*WHAT YOU SHOULD DO:*
After finding the line with "#56=CIRCLE('',#55,15.);" in the entries below, retype exactly each line from there through the line with "#88=DIRECTION('',(-0.707106781186548,0.,-0.707106781186547));", including that final line.

-=-=-

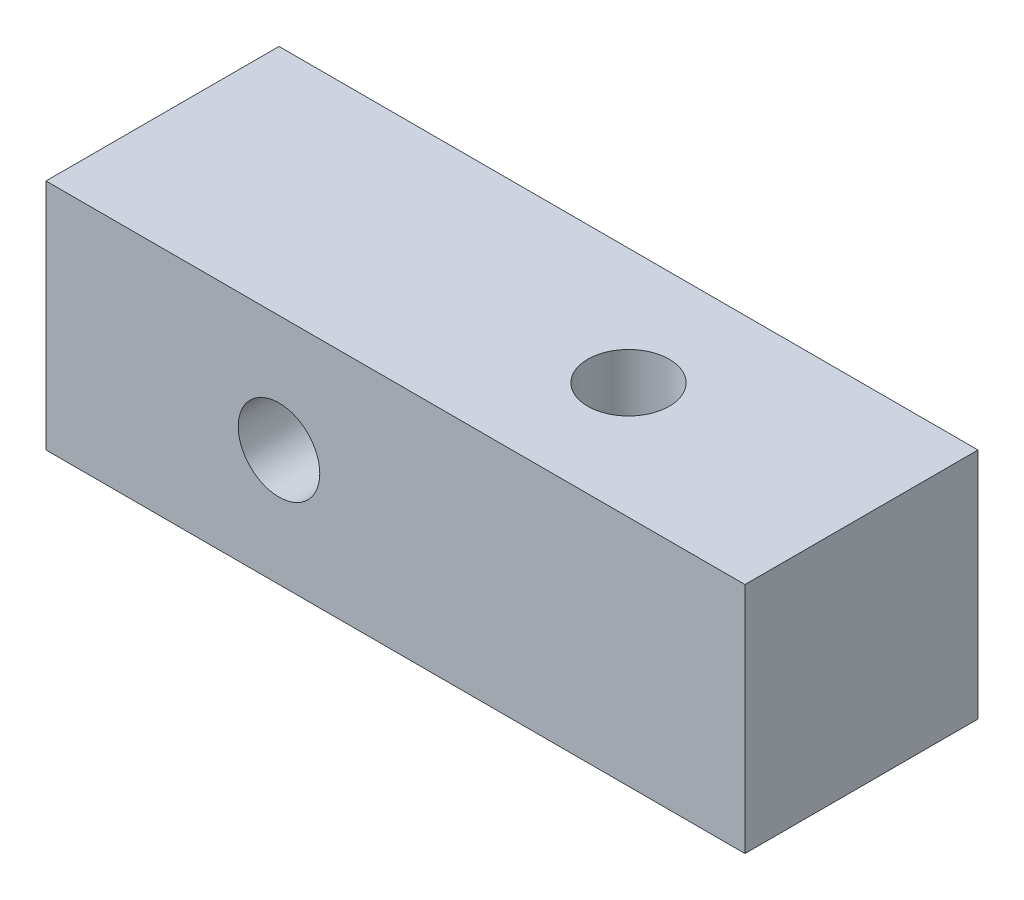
from build123d import *

# Parameters (mm, degrees)
SKICA1_W                 = 30
SKICA1_H                 = 10
SKICA1_R                 = 1.75
P_IDAT_VYSUNUT_M1_DEPTH  = 10
SKICA2_R                 = 1.75
ODEBRAT_VYSUNUT_M1_DEPTH = 46.751885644


with BuildPart() as part:
    # Skica1 → P_idat vysunut_m1 (new body)
    with BuildSketch(Plane.XY):
        with Locations((-28.511320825, -4.888936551)):
            Rectangle(SKICA1_W, SKICA1_H)
        with Locations((-33.511320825, -4.888936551)):
            Circle(SKICA1_R, mode=Mode.SUBTRACT)
    extrude(amount=P_IDAT_VYSUNUT_M1_DEPTH)

    # Skica2 → Odebrat vysunut_m1 (cut, through all)
    with BuildSketch(Plane(origin=(0, 0.111063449, 0), x_dir=(1, 0, 0), z_dir=(0, 1, 0))):
        with Locations(Location((-23.511320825, -5, 0), (0, 0, 180))):
            Circle(SKICA2_R)
    extrude(amount=-ODEBRAT_VYSUNUT_M1_DEPTH, mode=Mode.SUBTRACT)


solid = part.part
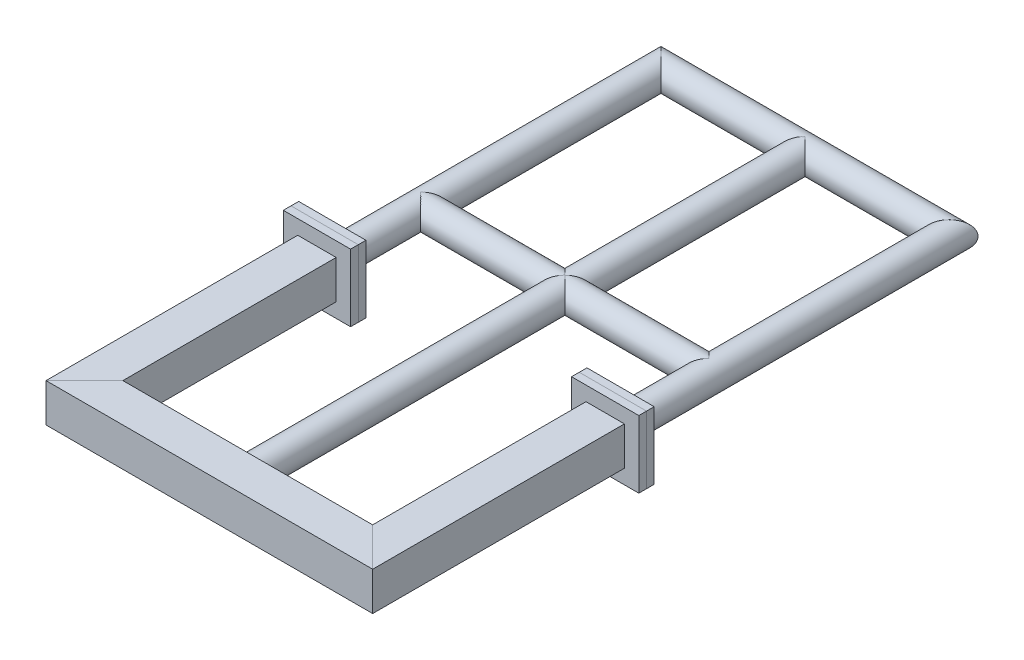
ISO-10303-21;
HEADER;
FILE_DESCRIPTION(('STEP AP214'),'2;1');
FILE_NAME('part.step','',(''),(''),'','','');
FILE_SCHEMA(('AUTOMOTIVE_DESIGN { 1 0 10303 214 1 1 1 1 }'));
ENDSEC;
DATA;
#1=APPLICATION_CONTEXT('core data for automotive mechanical design processes');
#2=APPLICATION_PROTOCOL_DEFINITION('international standard','automotive_design',2000,#1);
#3=PRODUCT_CONTEXT('',#1,'mechanical');
#4=PRODUCT('Part','Part','',(#3));
#5=PRODUCT_RELATED_PRODUCT_CATEGORY('part','',(#4));
#6=PRODUCT_DEFINITION_FORMATION('','',#4);
#7=PRODUCT_DEFINITION_CONTEXT('part definition',#1,'design');
#8=PRODUCT_DEFINITION('design','',#6,#7);
#9=PRODUCT_DEFINITION_SHAPE('','',#8);
#10=(LENGTH_UNIT() NAMED_UNIT(*) SI_UNIT(.MILLI.,.METRE.));
#11=(NAMED_UNIT(*) PLANE_ANGLE_UNIT() SI_UNIT($,.RADIAN.));
#12=(NAMED_UNIT(*) SI_UNIT($,.STERADIAN.) SOLID_ANGLE_UNIT());
#13=UNCERTAINTY_MEASURE_WITH_UNIT(LENGTH_MEASURE(1.E-05),#10,'distance_accuracy_value','');
#14=(GEOMETRIC_REPRESENTATION_CONTEXT(3) GLOBAL_UNCERTAINTY_ASSIGNED_CONTEXT((#13)) GLOBAL_UNIT_ASSIGNED_CONTEXT((#10,
#11,#12)) REPRESENTATION_CONTEXT('',''));
#15=CARTESIAN_POINT('',(0.,0.,0.));
#16=DIRECTION('',(0.,0.,1.));
#17=DIRECTION('',(1.,0.,0.));
#18=AXIS2_PLACEMENT_3D('',#15,#16,#17);
#19=CARTESIAN_POINT('',(300.,0.,-250.));
#20=DIRECTION('',(0.,0.,-1.));
#21=DIRECTION('',(-1.,0.,0.));
#22=AXIS2_PLACEMENT_3D('',#19,#20,#21);
#23=CYLINDRICAL_SURFACE('',#22,10.);
#24=CARTESIAN_POINT('',(300.,0.,-258.));
#25=DIRECTION('',(0.,0.,-1.));
#26=DIRECTION('',(-1.,0.,0.));
#27=AXIS2_PLACEMENT_3D('',#24,#25,#26);
#28=CIRCLE('',#27,10.);
#29=CARTESIAN_POINT('',(290.,0.,-258.));
#30=VERTEX_POINT('',#29);
#31=EDGE_CURVE('E96',#30,#30,#28,.T.);
#32=ORIENTED_EDGE('',*,*,#31,.F.);
#33=EDGE_LOOP('',(#32));
#34=FACE_BOUND('',#33,.T.);
#35=CARTESIAN_POINT('',(300.,0.,-600.));
#36=DIRECTION('',(-0.707106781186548,0.,-0.707106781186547));
#37=DIRECTION('',(0.707106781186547,0.,-0.707106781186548));
#38=AXIS2_PLACEMENT_3D('',#35,#36,#37);
#39=ELLIPSE('',#38,14.142135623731,10.);
#40=CARTESIAN_POINT('',(310.,0.,-610.));
#41=VERTEX_POINT('',#40);
#42=EDGE_CURVE('E92',#41,#41,#39,.T.);
#43=ORIENTED_EDGE('',*,*,#42,.T.);
#44=EDGE_LOOP('',(#43));
#45=FACE_BOUND('',#44,.T.);
#46=ADVANCED_FACE('F88',(#34,#45),#23,.F.);
#47=CARTESIAN_POINT('',(300.,0.,-250.));
#48=DIRECTION('',(0.,0.,-1.));
#49=DIRECTION('',(-1.,0.,0.));
#50=AXIS2_PLACEMENT_3D('',#47,#48,#49);
#51=CYLINDRICAL_SURFACE('',#50,15.);
#52=CARTESIAN_POINT('',(300.,0.,-258.));
#53=DIRECTION('',(0.,0.,-1.));
#54=DIRECTION('',(-1.,0.,0.));
#55=AXIS2_PLACEMENT_3D('',#52,#53,#54);
#56=CIRCLE('',#55,15.);
#57=CARTESIAN_POINT('',(285.,0.,-258.));
#58=VERTEX_POINT('',#57);
#59=EDGE_CURVE('E101',#58,#58,#56,.T.);
#60=ORIENTED_EDGE('',*,*,#59,.T.);
#61=EDGE_LOOP('',(#60));
#62=FACE_BOUND('',#61,.T.);
#63=CARTESIAN_POINT('',(300.,0.,-600.));
#64=DIRECTION('',(-0.707106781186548,0.,-0.707106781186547));
#65=DIRECTION('',(0.707106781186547,0.,-0.707106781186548));
#66=AXIS2_PLACEMENT_3D('',#63,#64,#65);
#67=ELLIPSE('',#66,21.2132034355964,15.);
#68=CARTESIAN_POINT('',(315.,0.,-615.));
#69=VERTEX_POINT('',#68);
#70=EDGE_CURVE('E13',#69,#69,#67,.T.);
#71=ORIENTED_EDGE('',*,*,#70,.F.);
#72=EDGE_LOOP('',(#71));
#73=FACE_BOUND('',#72,.T.);
#74=ADVANCED_FACE('F115',(#62,#73),#51,.T.);
#75=CARTESIAN_POINT('',(0.,0.,-258.));
#76=DIRECTION('',(0.,0.,-1.));
#77=DIRECTION('',(-1.,0.,0.));
#78=AXIS2_PLACEMENT_3D('',#75,#76,#77);
#79=PLANE('',#78);
#80=ORIENTED_EDGE('',*,*,#31,.T.);
#81=EDGE_LOOP('',(#80));
#82=FACE_BOUND('',#81,.T.);
#83=ORIENTED_EDGE('',*,*,#59,.F.);
#84=EDGE_LOOP('',(#83));
#85=FACE_BOUND('',#84,.T.);
#86=ADVANCED_FACE('F111',(#82,#85),#79,.F.);
#87=CARTESIAN_POINT('',(300.,0.,-600.));
#88=DIRECTION('',(-0.707106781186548,0.,-0.707106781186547));
#89=DIRECTION('',(-0.707106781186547,0.,0.707106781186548));
#90=AXIS2_PLACEMENT_3D('',#87,#88,#89);
#91=PLANE('',#90);
#92=ORIENTED_EDGE('',*,*,#42,.F.);
#93=EDGE_LOOP('',(#92));
#94=FACE_BOUND('',#93,.T.);
#95=ORIENTED_EDGE('',*,*,#70,.T.);
#96=EDGE_LOOP('',(#95));
#97=FACE_BOUND('',#96,.T.);
#98=ADVANCED_FACE('F90',(#94,#97),#91,.T.);
#99=CLOSED_SHELL('',(#46,#74,#86,#98));
#100=MANIFOLD_SOLID_BREP('B2',#99);
#101=CARTESIAN_POINT('',(0.,0.,-600.));
#102=DIRECTION('',(0.,0.,1.));
#103=DIRECTION('',(1.,0.,0.));
#104=AXIS2_PLACEMENT_3D('',#101,#102,#103);
#105=CYLINDRICAL_SURFACE('',#104,10.);
#106=CARTESIAN_POINT('',(0.,0.,-258.));
#107=DIRECTION('',(0.,0.,-1.));
#108=DIRECTION('',(-1.,0.,0.));
#109=AXIS2_PLACEMENT_3D('',#106,#107,#108);
#110=CIRCLE('',#109,10.);
#111=CARTESIAN_POINT('',(-10.,0.,-258.));
#112=VERTEX_POINT('',#111);
#113=EDGE_CURVE('E176',#112,#112,#110,.T.);
#114=ORIENTED_EDGE('',*,*,#113,.F.);
#115=EDGE_LOOP('',(#114));
#116=FACE_BOUND('',#115,.T.);
#117=CARTESIAN_POINT('',(0.,0.,-600.));
#118=DIRECTION('',(0.707106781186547,0.,-0.707106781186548));
#119=DIRECTION('',(0.707106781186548,0.,0.707106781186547));
#120=AXIS2_PLACEMENT_3D('',#117,#118,#119);
#121=ELLIPSE('',#120,14.142135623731,10.);
#122=CARTESIAN_POINT('',(10.,0.,-590.));
#123=VERTEX_POINT('',#122);
#124=EDGE_CURVE('E172',#123,#123,#121,.T.);
#125=ORIENTED_EDGE('',*,*,#124,.T.);
#126=EDGE_LOOP('',(#125));
#127=FACE_BOUND('',#126,.T.);
#128=ADVANCED_FACE('F168',(#116,#127),#105,.F.);
#129=CARTESIAN_POINT('',(0.,0.,-600.));
#130=DIRECTION('',(0.,0.,1.));
#131=DIRECTION('',(1.,0.,0.));
#132=AXIS2_PLACEMENT_3D('',#129,#130,#131);
#133=CYLINDRICAL_SURFACE('',#132,15.);
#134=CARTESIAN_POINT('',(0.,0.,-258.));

-=-=-

*OUTPUT FOR THIS TASK:*
#56=CIRCLE('',#55,15.);
#57=CARTESIAN_POINT('',(285.,0.,-258.));
#58=VERTEX_POINT('',#57);
#59=EDGE_CURVE('E101',#58,#58,#56,.T.);
#60=ORIENTED_EDGE('',*,*,#59,.T.);
#61=EDGE_LOOP('',(#60));
#62=FACE_BOUND('',#61,.T.);
#63=CARTESIAN_POINT('',(300.,0.,-600.));
#64=DIRECTION('',(-0.707106781186548,0.,-0.707106781186547));
#65=DIRECTION('',(0.707106781186547,0.,-0.707106781186548));
#66=AXIS2_PLACEMENT_3D('',#63,#64,#65);
#67=ELLIPSE('',#66,21.2132034355964,15.);
#68=CARTESIAN_POINT('',(315.,0.,-615.));
#69=VERTEX_POINT('',#68);
#70=EDGE_CURVE('E13',#69,#69,#67,.T.);
#71=ORIENTED_EDGE('',*,*,#70,.F.);
#72=EDGE_LOOP('',(#71));
#73=FACE_BOUND('',#72,.T.);
#74=ADVANCED_FACE('F115',(#62,#73),#51,.T.);
#75=CARTESIAN_POINT('',(0.,0.,-258.));
#76=DIRECTION('',(0.,0.,-1.));
#77=DIRECTION('',(-1.,0.,0.));
#78=AXIS2_PLACEMENT_3D('',#75,#76,#77);
#79=PLANE('',#78);
#80=ORIENTED_EDGE('',*,*,#31,.T.);
#81=EDGE_LOOP('',(#80));
#82=FACE_BOUND('',#81,.T.);
#83=ORIENTED_EDGE('',*,*,#59,.F.);
#84=EDGE_LOOP('',(#83));
#85=FACE_BOUND('',#84,.T.);
#86=ADVANCED_FACE('F111',(#82,#85),#79,.F.);
#87=CARTESIAN_POINT('',(300.,0.,-600.));
#88=DIRECTION('',(-0.707106781186548,0.,-0.707106781186547));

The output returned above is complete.